In part (b) many students did appreciate that the speed of light was thought by scientists to be affected either by the motion of the Earth or by an ‘ether wind’. However, only a minority of students appreciated the distances travelled by each beam was unchanged or that the time difference between the two beams changed on rotation. Students often referred to a change in the time taken by the beams rather than a change in the time difference on rotation. Many students lost a mark as they did not refer to the rotation causing a change of the phase difference or a change in the optical path difference.
In part (c) most students appreciated the observation that the fringes did not shift led to the conclusion that absolute motion does not exist.
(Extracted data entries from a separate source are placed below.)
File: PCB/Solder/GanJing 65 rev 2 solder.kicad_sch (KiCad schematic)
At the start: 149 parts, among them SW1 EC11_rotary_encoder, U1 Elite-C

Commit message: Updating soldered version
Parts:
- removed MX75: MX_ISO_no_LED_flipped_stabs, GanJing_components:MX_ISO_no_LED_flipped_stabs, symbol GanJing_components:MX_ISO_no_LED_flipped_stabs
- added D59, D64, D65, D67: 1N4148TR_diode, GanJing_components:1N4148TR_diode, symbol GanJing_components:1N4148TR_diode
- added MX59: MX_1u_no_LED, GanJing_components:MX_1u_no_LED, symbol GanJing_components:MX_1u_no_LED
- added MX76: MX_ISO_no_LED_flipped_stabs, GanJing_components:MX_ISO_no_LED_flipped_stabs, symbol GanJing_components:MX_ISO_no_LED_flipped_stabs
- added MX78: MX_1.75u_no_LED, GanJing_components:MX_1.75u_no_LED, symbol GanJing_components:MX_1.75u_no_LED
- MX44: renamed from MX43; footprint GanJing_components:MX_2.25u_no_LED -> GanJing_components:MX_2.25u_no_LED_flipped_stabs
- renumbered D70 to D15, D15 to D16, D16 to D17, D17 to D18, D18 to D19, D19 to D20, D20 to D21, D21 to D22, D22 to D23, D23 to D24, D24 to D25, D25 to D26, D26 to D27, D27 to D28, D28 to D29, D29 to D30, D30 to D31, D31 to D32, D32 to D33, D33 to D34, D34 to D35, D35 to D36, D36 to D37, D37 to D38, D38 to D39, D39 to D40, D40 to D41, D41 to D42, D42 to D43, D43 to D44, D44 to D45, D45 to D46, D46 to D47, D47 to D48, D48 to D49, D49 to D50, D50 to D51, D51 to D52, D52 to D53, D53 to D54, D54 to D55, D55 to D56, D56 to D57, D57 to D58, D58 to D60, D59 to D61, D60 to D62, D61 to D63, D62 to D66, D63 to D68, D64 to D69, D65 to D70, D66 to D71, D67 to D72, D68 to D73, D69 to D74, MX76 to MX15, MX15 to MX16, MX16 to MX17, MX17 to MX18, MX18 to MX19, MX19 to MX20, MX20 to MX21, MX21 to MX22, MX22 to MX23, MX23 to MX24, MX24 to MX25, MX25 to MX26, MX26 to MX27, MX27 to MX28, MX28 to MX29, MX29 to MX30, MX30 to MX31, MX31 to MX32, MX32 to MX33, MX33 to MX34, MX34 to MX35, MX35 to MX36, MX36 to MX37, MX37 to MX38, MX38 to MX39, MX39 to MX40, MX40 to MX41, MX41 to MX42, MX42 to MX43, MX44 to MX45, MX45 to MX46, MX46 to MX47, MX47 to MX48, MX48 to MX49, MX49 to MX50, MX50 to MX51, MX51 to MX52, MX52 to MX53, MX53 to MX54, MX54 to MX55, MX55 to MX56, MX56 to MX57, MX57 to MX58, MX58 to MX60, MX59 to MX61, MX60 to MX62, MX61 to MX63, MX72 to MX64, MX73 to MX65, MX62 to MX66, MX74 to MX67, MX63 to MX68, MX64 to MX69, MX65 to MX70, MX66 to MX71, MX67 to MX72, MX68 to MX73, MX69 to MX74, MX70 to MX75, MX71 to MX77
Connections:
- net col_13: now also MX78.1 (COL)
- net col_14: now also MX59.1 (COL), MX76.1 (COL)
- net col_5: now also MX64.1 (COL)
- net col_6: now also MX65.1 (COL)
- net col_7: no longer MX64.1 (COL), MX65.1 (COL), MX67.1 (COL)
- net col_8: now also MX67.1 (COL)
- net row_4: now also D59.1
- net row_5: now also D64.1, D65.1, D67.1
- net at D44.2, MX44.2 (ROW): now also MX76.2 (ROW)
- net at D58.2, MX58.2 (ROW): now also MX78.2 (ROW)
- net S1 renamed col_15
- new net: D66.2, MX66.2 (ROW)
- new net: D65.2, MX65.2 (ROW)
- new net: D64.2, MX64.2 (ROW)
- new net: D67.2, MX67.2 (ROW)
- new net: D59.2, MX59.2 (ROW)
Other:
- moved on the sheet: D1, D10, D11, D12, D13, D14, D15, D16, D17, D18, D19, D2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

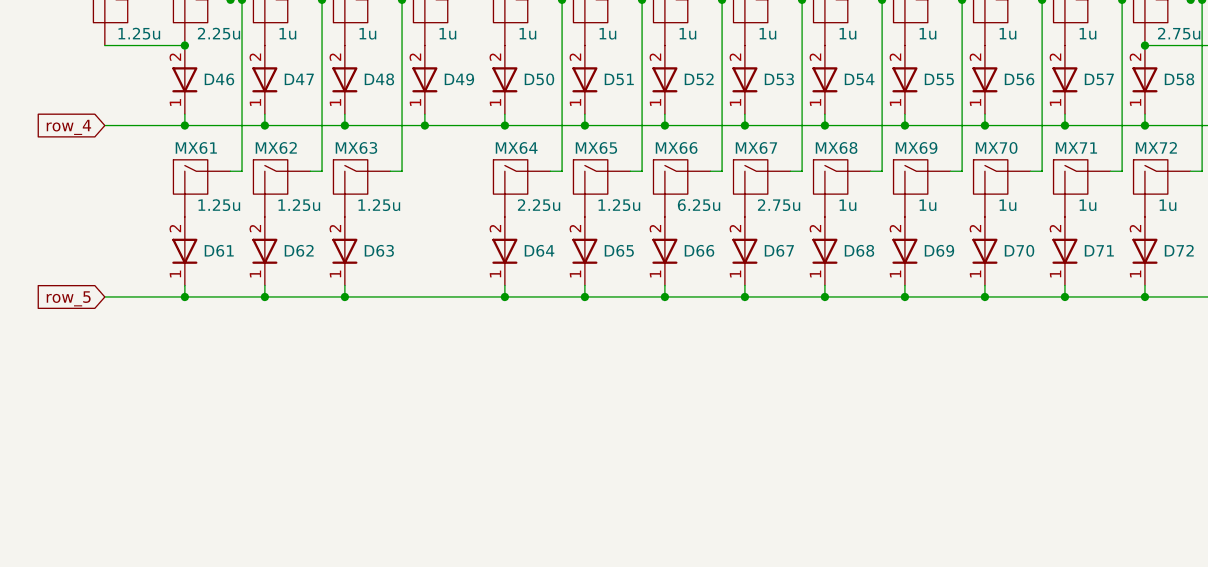
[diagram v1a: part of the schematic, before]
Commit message: Adding 7u to soldered PCB
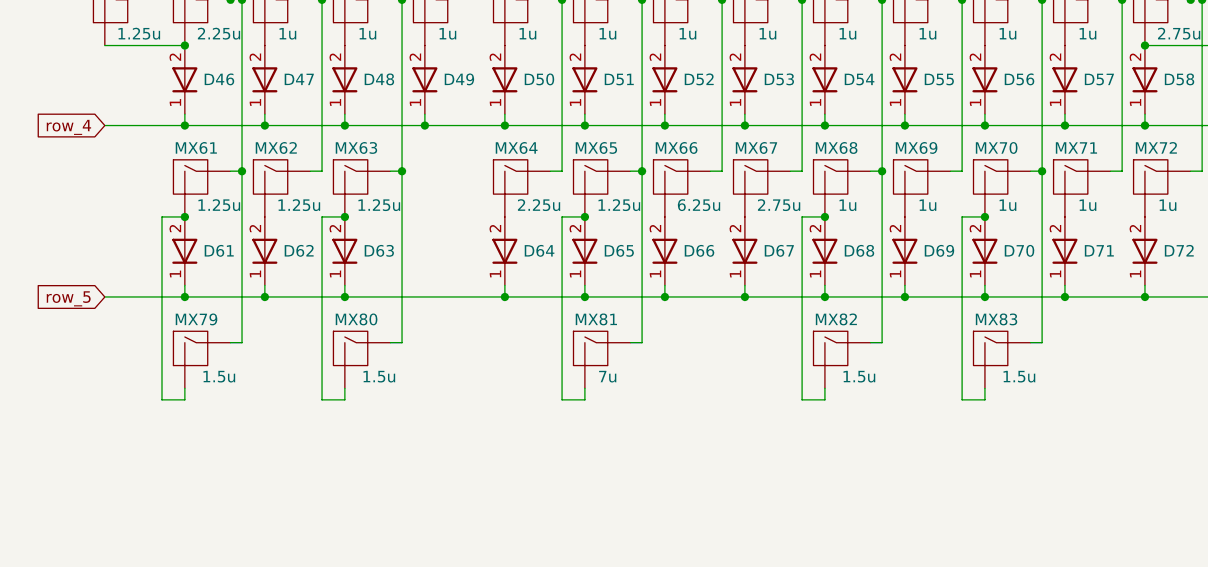
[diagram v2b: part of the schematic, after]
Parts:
- added MX79, MX80, MX82, MX83: MX_1.5u_no_LED, GanJing_components:MX_1.5u_no_LED, symbol GanJing_components:MX_1.5u_no_LED
- added MX81: MX_7u_no_LED_flipped_stabs, GanJing_components:MX_7u_no_LED_flipped_stabs, symbol GanJing_components:MX_7u_no_LED_flipped_stabs
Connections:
- net col_1: now also MX79.1 (COL)
- net col_11: now also MX83.1 (COL)
- net col_3: now also MX80.1 (COL)
- net col_6: now also MX81.1 (COL)
- net col_9: now also MX82.1 (COL)
- net at D61.2, MX61.2 (ROW): now also MX79.2 (ROW)
- net at D63.2, MX63.2 (ROW): now also MX80.2 (ROW)
- net at D65.2, MX65.2 (ROW): now also MX81.2 (ROW)
- net at D68.2, MX68.2 (ROW): now also MX82.2 (ROW)
- net at D70.2, MX70.2 (ROW): now also MX83.2 (ROW)

E12.(a) Many candidates obtained both marks with a clear calculation. A significant number of candidates inserted the relative mass values correctly into the relativistic mass equation but were then unable to rearrange the equation correctly as a result of basic algebraic errors.
(b) The graph proved to be a formidable challenge for many candidates. A significant number of candidates started the graph at the origin and many candidates failed either to plot the 2mo point at 0.866 c or to label it as instructed. Most candidates realised that the graph was a curve with an increasing positive gradient and that it did not cross the v = c line.
(c) Few candidates were able to gain both marks. Many realised that mass and energy increases as v increases but failed to justify this statement by quoting the equation E = mc2. Some candidates did recognise the mass increased without limit as v tends to c but then stated that this (increase) was impossible. A significant number of candidates did recognise that the relativistic mass equation gives infinite mass at v = c although some candidates failed to state that this is physically impossible.